Of course, if your registrar doesn't manage contacts as separate objects from
domains (and some don't), they yeah, you'll end up getting a boatload of
verification emails.

You'll also start finding a bunch of registrars doing email address checks to
ensure deliverability _before_ any registrations or contact updates are
performed: this is for the customer's good and the registrar's good.

Registrars have to make a best effort to contact the customer by email. That
means that if the email _does_ bounce initially (due to DNS issues, full
mailbox, &c.), it's up to the registrar to try again until the grace period
expires.

Your second one isn't correct: if your contact has already been verified,
there's no need to verified again. It's only if the contact is new or updated
that verification needs to be done.

In the third case, you should be using _roles_ , not individuals. Mail aliases
were invented for a reason: no one person should be receiving these emails, so
it's really your own tough luck if you're a business and you're not ensuring
that there's somebody always able to receive and process the emails. Moreover,
verification happens when a contact is created or updated, so it should be an
address with somebody _immediately_ able to process the verification request.

As far as my ability to write authoritatively on the subject goes, I'm the
development lead for a registrar, and implemented most of our domain
management system myself.

------
larrys
Registrar here.

Here is the applicable rules. As nitinag pointed out this only is for
registrar's who have signed the 2013 RAA. Registrars still under the 2009 RAA
are not bound by this. (At some point they will have to sign the new RAA and
they will right away if they want to sell (as was pointed out) the new f TLDs.
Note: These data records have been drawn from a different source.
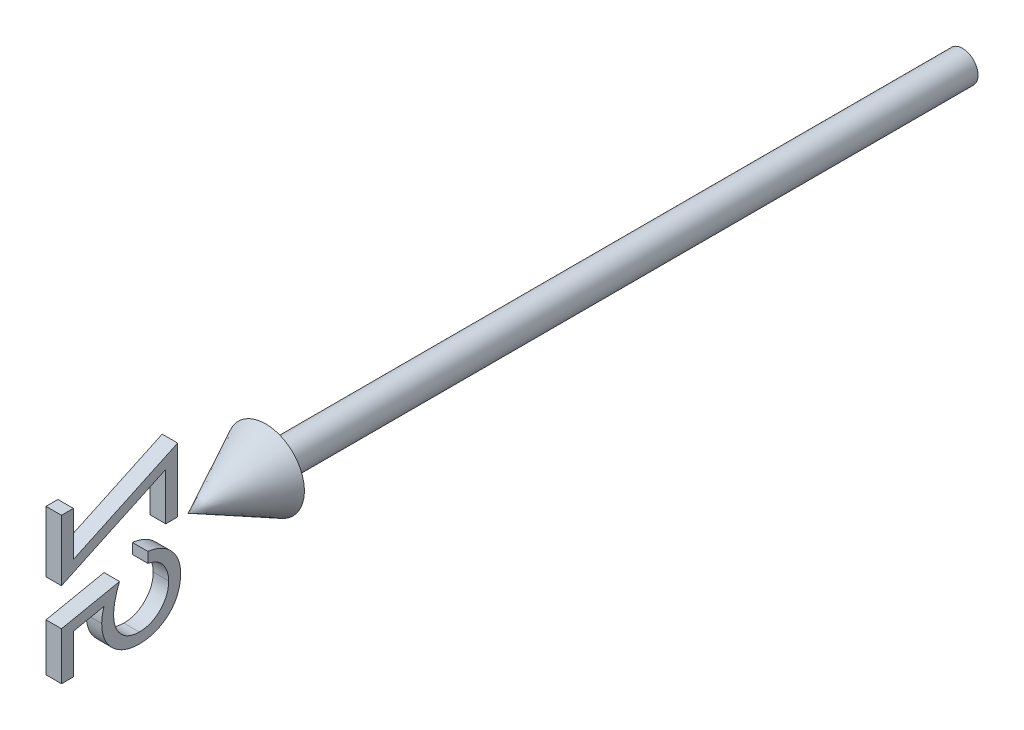
SolidWorks part; units mm, degrees
ref_plane "Front Plane" through (0, 0, 0) normal (0, 0, 1) x (1, 0, 0)
ref_plane "Top Plane" through (0, 0, 0) normal (0, 1, 0) x (1, 0, 0)
ref_plane "Right Plane" through (0, 0, 0) normal (1, 0, 0) x (0, 0, -1)
sketch "Sketch2" plane through (0, 0, 0) normal (0, 1, 0) x (1, 0, 0)
  line L0 (0, 41.95) -> (0, -114.4521) construction
  line L1 (-36.8894, 0) -> (41.4965, 0) construction
  line L2 (0, -100) -> (5, -90)
  line L3 (5, -90) -> (2, -90)
  line L4 (2, -90) -> (2, 0)
  line L5 (2, 0) -> (0, 0)
  line L6 (0, 0) -> (0, -100)
  dimension "D1" = 100
  dimension "D2" = 2
  dimension "D3" = 10
  dimension "D4" = 5
revolve "Revolve1" add sketch "Sketch2" angle 360 about L0
sketch "Sketch3" plane through (0, 0, 0) normal (1, 0, 0) x (0, -1, 0)
  line L0 (0, -101.5706) -> (0, -127.8138) construction
  line L1 (-10.1124, -102.3675) -> (14.1256, -102.3675) construction
  text T0 "Z5\r\n" font "Century Gothic" height 15
extrude "Boss-Extrude1" add sketch "Sketch3" against normal blind 1 and the other way blind 1 separate body
equation "\"frame_arrow_length\"=100"
equation "\"D1@Sketch2\"=\"frame_arrow_length\""
equation "\"frame_arrow_odA\"=4"
equation "\"D2@Sketch2\"=\"frame_arrow_odA\"/2"
equation "\"frame_arrow_head_od\"=5"
equation "\"D4@Sketch2\"=\"frame_arrow_head_od\""
equation "\"frame_arrow_head_length\"=10"
equation "\"D3@Sketch2\"=\"frame_arrow_head_length\""
equation "\"tvarobot_theta1\"=30"
equation "\"link0_ringA_odA\"= 40"
equation "\"link0_ringA_odB\"= 25"
equation "\"link0_ringA_id\"= 20"
equation "\"link0_ringA_thickness\"= (\"link0_ringA_odB\" - \"link0_ringA_id\")/2"
equation "\"link0_ringA_height\"= 3"
equation "\"link0_ringA_heightA\"= 1.5"
equation "\"link0_ringA_heightB\"=\"link0_ringA_height\"-\"link0_ringA_heightA\""
equation "\"link0_ringB_odA\"= 40"
equation "\"link0_ringB_odB\"= 29"
equation "\"link0_ringB_id\"= \"link0_shaftA_bearing_id\"+1"
equation "\"link0_ringB_thickness\"= (\"link0_ringB_odB\" - \"link0_ringB_id\")/2"
equation "\"link0_ringB_height\"= 3"
equation "\"link0_ringB_heightA\"= 1.5"
equation "\"link0_ringB_heightB\"=\"link0_ringB_height\"-\"link0_ringB_heightA\""
equation "\"link0_shaftA_bearing_od\"=27"
equation "\"link0_shaftA_bearing_id\"=20"
equation "\"link0_shaftA_thrust_bearing_od\"=35"
equation "\"link0_shaftA_thrust_bearing_id\"=20.04"
equation "\"link0_shaftA_retaining_ring_id\"=18.5"
equation "\"link0_shaftA_retaining_ring_groove_width\"=1.5"
equation "\"link0_shaftA_spline_length\"=8.0"
equation "\"link0_shaftA_spline_depth\"=1.0"
equation "\"link0_shaftA_spline_width\"=4.0"
equation "\"link0_shaftA_odA\"=\"link0_shaftA_bearing_id\""
equation "\"link0_shaftA_odB\"=35"
equation "\"link0_shaftA_odC\"=\"link0_shaftA_bearing_id\""
equation "\"link0_shaftA_odD\"=\"link0_shaftA_odC\"-2*\"link0_shaftA_spline_depth\""
equation "\"link0_shaftA_odE\"=\"link0_shaftA_bearing_id\""
equation "\"link0_shaftA_odF\"=\"link0_shaftA_odE\"-2*\"link0_shaftA_spline_depth\""
equation "\"link0_shaftA_idA\"=10"
equation "\"link0_shaftA_idB\"=6"
equation "\"link0_shaftA_length\"=39.5"
equation "\"link0_shaftA_lengthA\"=8.0"
equation "\"link0_shaftA_lengthB\"=12.0"
equation "\"link0_shaftA_lengthC\"=35.0"
equation "\"link0_shaftA_lengthD\"=39.0"
equation "\"link0_shaftA_lengthE\"=\"link0_shaftA_length\"-\"link0_shaftA_lengthD\""
equation "\"link0_shaftA_offsetX\"=11"
equation "\"link0_shaftA_offsetY\"=0"
equation "\"link0_shaftA_bolt_pattern_dia\"=14"
equation "\"link0_motor_center_dist\"=26"
equation "\"link0_46t_pulley_spline_length\"=8"
equation "\"link0_46t_pulley_spline_depth\"=\"link0_shaftA_spline_depth\"*1.025"
equation "\"link0_46t_pulley_spline_width\"=\"link0_shaftA_spline_width\"*1.05"
equation "\"link0_46t_pulley_idA\"=\"link0_shaftA_bearing_id\"*1.025"
equation "\"link0_46t_pulley_idB\"=\"link0_46t_pulley_idA\"-2*\"link0_46t_pulley_spline_depth\""
equation "\"link0_shaftB_spline_length\"=10"
equation "\"link0_shaftB_spline_depth\"=1.0"
equation "\"link0_shaftB_spline_width\"=1.25"
equation "\"link0_shaftB_length\"=7"
equation "\"link0_shaftB_lengthA\"=1.5"
equation "\"link0_shaftB_lengthB\"=2.75"
equation "\"link0_shaftB_odA\"=32"
equation "\"link0_shaftB_odB\"=22"
equation "\"link0_shaftB_odC\"=20"
equation "\"link0_shaftB_idA\"=10"
equation "\"link0_shaftB_bolt_diameter\"=19"
equation "\"link0_shaftB_bearing_od\"=27"
equation "\"link0_shaftB_bearing_id\"=20"
equation "\"link0_motor_length\"=46.5"
equation "\"link0_motor_width\"=28.5"
equation "\"link0_motor_height\"=34"
equation "\"link0_motor_offset\"=8"
equation "\"link0_shellA_thickness\"=2.5"
equation "\"link0_shellB_thickness\"=\"link0_shellA_thickness\""
equation "\"link0_plateA_shellA_height\"=48"
equation "\"link0_shellA_width\" =\"link0_plateA_width\""
equation "\"link0_shellA_height\" = \"link0_plateA_shellA_height\"-\"link0_plateA_height\""
equation "\"link0_shellA_length\" = \"link0_plateA_lengthB\" "
equation "\"link0_shellB_length\"=\"link0_shellA_length\""
equation "\"link0_shellA_radius\" = 0.375*25.4"
equation "\"link0_shellA_radiusA\"= \"link0_plateA_radiusA\""
equation "\"link0_shellA_radiusB\"= \"link0_plateA_radiusB\""
equation "\"link0_shellA_radiusC\"= 3"
equation "\"link0_postA_height\"=7"
equation "\"link0_postA_width\"=16"
equation "\"link0_postA_length\"=20"
equation "\"link0_postA_posX\"=22"
equation "\"link0_postA_posY\"=17.5"
equation "\"link0_postA_pocket_width\"=6.0"
equation "\"link0_postA_pocket_length\"=2.5"
equation "\"link0_postA_pocket_depth\"=9"
equation "\"link0_postA_pocket_posZ\"=10"
equation "\"link0_postB_height\"=7"
equation "\"link0_postB_width\"=16"
equation "\"link0_postB_length\"=20"
equation "\"link0_postB_posX\"=22"
equation "\"link0_postB_posY\"=17.5"
equation "\"link0_postB_id\"=3.0"
equation "\"link0_postB_pocket_width\"=6.0"
equation "\"link0_postB_pocket_length\"=2.5"
equation "\"link0_postB_pocket_depth\"=9"
equation "\"link0_postB_pocket_posZ\"=10"
equation "\"link0_postC_height\"=7"
equation "\"link0_postC_width\"=16"
equation "\"link0_postC_length\"=20"
equation "\"link0_postC_posX\"=22"
equation "\"link0_postC_posY\"=17.5"
equation "\"link0_postC_id\"=3.0"
equation "\"link0_postC_pocket_width\"=6.0"
equation "\"link0_postC_pocket_length\"=2.5"
equation "\"link0_postC_pocket_depth\"=9"
equation "\"link0_postC_pocket_posZ\"=10"
equation "\"link0_postD_height\"=7"
equation "\"link0_postD_width\"=16"
equation "\"link0_postD_length\"=20"
equation "\"link0_postD_posX\"=22"
equation "\"link0_postD_posY\"=17.5"
equation "\"link0_postD_id\"=3.0"
equation "\"link0_postD_pocket_width\"=6.0"
equation "\"link0_postD_pocket_length\"=3.0"
equation "\"link0_postD_pocket_depth\"=9"
equation "\"link0_postD_pocket_posZ\"=10"
equation "\"link0_postE_height\"=5"
equation "\"link0_postE_width\"=16"
equation "\"link0_postE_length\"=\"link0_plateE_lengthA\"-\"link0_lip_height\""
equation "\"link0_postE_posZ\"=22"
equation "\"link0_postE_posX\"=17.5"
equation "\"link0_postE_posY\"=22"
equation "\"link0_postE_id\"=3.0"
equation "\"link0_postE_cbore_id\"=6.5"
equation "\"link0_postE_hole_id\"=3"
equation "\"link0_postF_posZ\"=22"
equation "\"link0_postF_posX\"=17.5"
equation "\"link0_postF_posY\"=\"link0_plateB_lengthA\"+4"
equation "\"link0_postF_id\"=3.0"
equation "\"link0_postF_cbore_id\"=6.5"
equation "\"link0_postF_hole_id\"=3"
equation "\"link0_postG_posZ\"=22"
equation "\"link0_postG_posX\"=17.5"
equation "\"link0_postG_posY\"=\"link0_plateB_lengthA\"+12"
equation "\"link0_postG_id\"=3.0"
equation "\"link0_postG_cbore_id\"=6.5"
equation "\"link0_postG_hole_id\"=3"
equation "\"link0_postHIJ_posY\"=6"
equation "\"link0_postH_posX\"=28"
equation "\"link0_postH_posY\"=20"
equation "\"link0_postH_posZ\"=20"
equation "\"link0_postH_length\"=10"
equation "\"link0_postI_posX\"=28"
equation "\"link0_postI_posY\"=20"
equation "\"link0_postI_posZ\"=135"
equation "\"link0_postI_length\"=10"
equation "\"link0_postJ_posX\"=28"
equation "\"link0_postJ_posY\"=20"
equation "\"link0_postJ_posZ\"=175"
equation "\"link0_postJ_length\"=10"
equation "\"link0_postK_posX\"=28"
equation "\"link0_postK_posY\"=20"
equation "\"link0_postK_posZ\"=175"
equation "\"link0_postK_length\"=10"
equation "\"link0_postL_posX\"=28"
equation "\"link0_postL_posY\"=20"
equation "\"link0_postL_posZ\"=135"
equation "\"link0_postL_length\"=10"
equation "\"link0_postM_posX\"=28"
equation "\"link0_postM_posY\"=20"
equation "\"link0_postM_posZ\"=35"
equation "\"link0_postM_length\"=10"
equation "\"link0_plateA_lengthA\"=30"
equation "\"link0_plateA_lengthB\"=150"
equation "\"link0_plateA_lengthC\"=30"
equation "\"link0_plateA_length\"=\"link0_plateA_lengthA\"+\"link0_plateA_lengthB\"+\"link0_plateA_lengthC\""
equation "\"link0_plateA_width\"=  68"
equation "\"link0_plateA_height\"= \"link0_plateA_radiusA\""
equation "\"link0_plateA_thickness\"=\"link0_shellA_thickness\""
equation "\"link0_plateA_radius\"= 9.5"
equation "\"link0_plateA_radiusA\"= 18"
equation "\"link0_plateA_radiusB\"= 18"
equation "\"link0_plateA_radiusC\"= 3"
equation "\"link0_plateB_length\"= 40"
equation "\"link0_plateB_width\"= \"link0_plateA_width\"*1.005"
equation "\"link0_plateB_height\"= \"link0_plateA_shellA_height\"*1.005"
equation "\"link0_plateB_lengthA\"=\"link0_lip_height\"+\"link0_plateD_thickness\"+\"link0_motor_mount_thickness\""
equation "\"link0_plateB_lengthB\"=\"link0_plateB_height\"-\"link0_plateB_lengthA\""
equation "\"link0_plateB_radiusA\"= \"link0_plateA_radiusA\""
equation "\"link0_plateB_radiusB\"= \"link0_plateA_radiusB\""
equation "\"link0_plateB_radiusC\"= 3"
equation "\"link0_plateB_idA\"=\"link0_shaftA_odC\"+1"
equation "\"link0_plateB_idB\"=\"link0_shaftA_bearing_od\"-2"
equation "\"link0_plateB_idC\"=\"link0_shaftA_bearing_od\"*1.005"
equation "\"link0_plateB_idD\"=\"link0_shaftA_thrust_bearing_od\"+1 "
equation "\"link0_plateB_depthA\"=1.0"
equation "\"link0_plateB_depthB\"=2.0"
equation "\"link0_plateB_depthC\"=8"
equation "\"link0_plateB_depthD\"=\"link0_plateB_length\"-\"link0_lip_height\"-\"link0_plateD_thickness\" "
equation "\"link0_plateC_length\"=\"link0_plateB_length\""
equation "\"link0_plateC_width\"= \"link0_plateB_width\""
equation "\"link0_plateC_height\"= .1*25.4"
equation "\"link0_plateA_hole_od\" = 0.1*25.4"
equation "\"link0_plateA_hole_delx\" = 0.5*25.4"
equation "\"link0_plateA_hole_delz\" = 0.75*25.4"
equation "\"link0_plateA_hole_offx\" = 0.0*25.4"
equation "\"link0_plateA_hole_offz\" = \"link0_plateA_length\"/2"
equation "\"link0_plateB_hole_od\" = 0.1*25.4"
equation "\"link0_plateB_hole_delx\"= 0.75*25.4"
equation "\"link0_plateB_hole_delz\"= 0.75*25.4"
equation "\"link0_plateB_hole_offx\"= 0.0*25.4"
equation "\"link0_plateB_hole_offz\"= 0.0*25.4"
equation "\"link0_plateC_hole_od\"= 0.1*25.4"
equation "\"link0_plateC_hole_delx\"= 0.75*25.4"
equation "\"link0_plateC_hole_delz\"= 0.75*25.4"
equation "\"link0_plateC_hole_offx\"= 0.0*25.4"
equation "\"link0_plateC_hole_offz\"= 0.0*25.4"
equation "\"link0_plateD_height\"=\"link0_plateB_height\"-2*\"link0_shellA_thickness\""
equation "\"link0_plateD_width\"=\"link0_plateB_width\"-2*\"link0_shellA_thickness\""
equation "\"link0_plateD_thickness\"=10"
equation "\"link0_plateD_radiusA\"=\"link0_plateB_radiusA\"-\"link0_shellA_thickness\""
equation "\"link0_plateD_odA\"= .375*25.4"
equation "\"link0_plateD_odB\"= .375*25.4"
equation "\"link0_plateD_bearing_id\"=20"
equation "\"link0_plateD_bearing_od\"=27"
equation "\"link0_plateE_radiusA\"=\"link0_plateA_radiusA\""
equation "\"link0_plateE_radiusB\"=\"link0_plateA_radiusB\""
equation "\"link0_plateE_radiusC\"=8.0"
equation "\"link0_plateE_length\"=30"
equation "\"link0_plateE_lengthA\"=16"
equation "\"link0_plateE_height\"=\"link0_plateB_height\""
equation "\"link0_plateE_width\"=\"link0_plateB_width\""
equation "\"link0_plateE_odA\"=\"gantry_coupler_id\"*0.99"
equation "\"link0_plateE_idA\"=\"link0_plateE_odA\"-20.0"
equation "\"link0_plateE_spline_depth\"=\"link0_poleA_spline_depth\"*1.05"
equation "\"link0_plateE_spline_width\"=\"link0_poleA_spline_width\"*1.075"
equation "\"link0_plateE_spline_length\"=\"link0_poleA_spline_length\""
equation "\"link0_plateE_coupler_length\"=46"
equation "\"link0_lip_height\"=5.0"
equation "\"link0_lip_thickness\"=2.0"
equation "\"link0_motor_mount_thickness\"=8.0"
equation "\"link0_motor_mount_idA\"=22"
equation "\"link0_motor_mount_idB\"=\"link0_shaftB_bearing_od\"*1.005"
equation "\"link0_motor_mount_idC\"=\"link0_shaftB_bearing_od\"-2"
equation "\"link0_motor_mount_depthA\"=5.5"
equation "\"link0_motor_mount_height\"=\"link0_plateD_height\""
equation "\"link0_motor_mount_width\"=\"link0_plateD_width\""
equation "\"link0_motor_mountL_height\"=36"
equation "\"link0_motor_mountL_heightA\"=12"
equation "\"link0_motor_mountL_length\"=50"
equation "\"link0_motor_mountL_lengthA\"=36"
equation "\"gantry_coupler_od\"=25.4*2.0"
equation "\"gantry_coupler_id\"=1.645*25.4"
equation "\"gantry_coupler_offsetX\"=\"link0_plateE_width\"/2"
equation "\"link0_poleA_odA\"=20"
equation "\"link0_poleA_odB\"=36"
equation "\"link0_poleA_idA\"=\"link0_poleA_odA\"-2*\"link0_poleA_thickness\""
equation "\"link0_poleA_idB\"=(\"link0_plateE_idA\"/2+1.5*\"link0_lip_thickness\")*1.04"
equation "\"link0_poleA_thickness\"=3.5"
equation "\"link0_poleA_length\"=100"
equation "\"link0_poleA_lengthA\"=18.5"
equation "\"link0_poleA_lengthB\"=80"
equation "\"link0_poleA_gasket_thickness\"=1.5"
equation "\"link0_poleA_spline_depth\"=1.0"
equation "\"link0_poleA_spline_width\"=4.0"
equation "\"link0_poleA_spline_length\"=10.0"
equation "\"link1_plateB_length\"=30"
equation "\"link1_lip_height\"=\"link0_lip_height\""
equation "\"link0_tension_plateA_width\"=12"
equation "\"link0_tension_plateA_lengthA\"=10.5"
equation "\"link0_tension_plateB_width\"=\"link0_tension_plateA_width\""
equation "\"link0_tension_plateB_lengthA\"=\"link0_tension_plateA_lengthA\""
equation "\"link0_tension_wheelA_posZ\"=7"
equation "\"link0_tension_wheelA_posX\"=\"link0_plateD_height\"/2-\"link0_tension_plateA_lengthA\""
equation "\"link0_m2_clear_hole_id\"=2.35"
equation "\"link0_m2_insert_hole_id\"=2.5"
equation "\"link0_m2_tap_hole_id\"=1.75"
equation "\"link0_m2_nut_socket_width\"=4.25"
equation "\"link0_m2_nut_socket_depth\"=2.5"
equation "\"link0_m2_cbore_id\"=3.75"
equation "\"link0_m2_cbore_depth\"=7"
equation "\"link0_m2_5_clear_hole_id\"=2.75"
equation "\"link0_m2_5_insert_hole_id\"=2.75"
equation "\"link0_m2_5_tap_hole_id\"=2.25"
equation "\"link0_m2_5_nut_socket_width\"=5.25"
equation "\"link0_m2_5_nut_socket_depth\"=2.5"
equation "\"link0_m2_5_cbore_id\"=4.75"
equation "\"link0_m2_5_cbore_depth\"=2.5"
equation "\"link0_m2_5_insert_access_length\"=6.0"
equation "\"link0_m2_5_insert_access_width\"=3.0"
equation "\"link0_m3_clear_hole_id\"=3.25"
equation "\"link0_m3_insert_hole_id\"=3"
equation "\"link0_m3_tap_hole_id\"=2.75"
equation "\"link0_m3_nut_socket_width\"=5.75"
equation "\"link0_m3_nut_socket_depth\"=4.0"
equation "\"link0_m3_cbore_id\"=5.75"
equation "\"link0_m3_cbore_depth\"=3.5"
equation "\"link0_m3_insert_access_length\"=4.5"
equation "\"link0_m3_insert_access_width\"=3.5"
equation "\"link0_rpi_mount_height\"=6"
equation "\"link0_rpi_mount_width\"=49"
equation "\"link0_rpi_mount_length\"=58"
equation "\"link0_rpi_mount_post_od\"=6"
equation "\"link0_rpi_mount_posZ\"=72"
equation "\"link0_rpi_mount_posX\"=11.5"
equation "\"link0_mcu_mount_height\"=5"
equation "\"link0_mcu_mount_width\"=49"
equation "\"link0_mcu_mount_length\"=58"
equation "\"link0_mcu_mount_post_od\"=6"
equation "\"link0_mcu_mount_posZ\"=164"
equation "\"link0_mcu_mount_posX\"=4"
equation "\"link0_pwr_mount_height\"=4"
equation "\"link0_pwr_mount_width\"=15.75"
equation "\"link0_pwr_mount_length\"=75.75"
equation "\"link0_pwr_mount_post_od\"=6"
equation "\"link0_pwr_mount_posZ\"=75"
equation "\"link0_pwr_mount_posX\"=16"
equation "\"link0_pwr_board_height\"=6"
equation "\"link0_pwr_board_width\"=21"
equation "\"link0_pwr_board_length\"=80"

[http://www.icann.org/en/resources/registrars/raa/approved-
wi...](http://www.icann.org/en/resources/registrars/raa/approved-with-
specs-27jun13-en.htm#whois-accuracy)

While I can't speak for what other registrars will be doing these ICANN
policies in the past tend to leave plenty of wiggle room and the ability to
game the system (by registrars) if they want to.

Specifically:

"In either case, if Registrar does not receive an affirmative response from
the Registered Name Holder, Registrar shall either verify the applicable
contact information manually or suspend the registration, until such time as
Registrar has verified the applicable contact information. If Registrar does
not receive an affirmative response from the Account Holder, Registrar shall
verify the applicable contact information manually, but is not required to
suspend any registration."

------
rip747
To quote the source: ====================

Verify: the email address of the Registered Name Holder (and, if different,
the Account Holder) by sending an email requiring an affirmative response
through a tool-based authentication method such as providing a unique code
that must be returned in a manner designated by the Registrar, or

the telephone number of the Registered Name Holder (and, if different, the
Account Holder) by either (A) calling or sending an SMS to the Registered Name
Holder's telephone number providing a unique code that must be returned in a
manner designated by the Registrar, or (B) calling the Registered Name
Holder's telephone number and requiring the Registered Name Holder to provide
a unique code that was sent to the Registered Name Holder via web, email or
postal mail.

In either case, if Registrar does not receive an affirmative response from the
Registered Name Holder, Registrar shall either verify the applicable contact
information manually or suspend the registration, until such time as Registrar
has verified the applicable contact information. If Registrar does not receive
an affirmative response from the Account Holder, Registrar shall verify the
applicable contact information manually, but is not required to suspend any
registration. ====================

So there are other methods that ICANN outlines in order to verify the account
holder information to activate the domain, not _just_ an email address like
the article states.

------
billpg
I already get all sorts of emails sent to the address listed on whois. Most,
if not all, are outright scams. So now one of those will actually be genuine?

But which one?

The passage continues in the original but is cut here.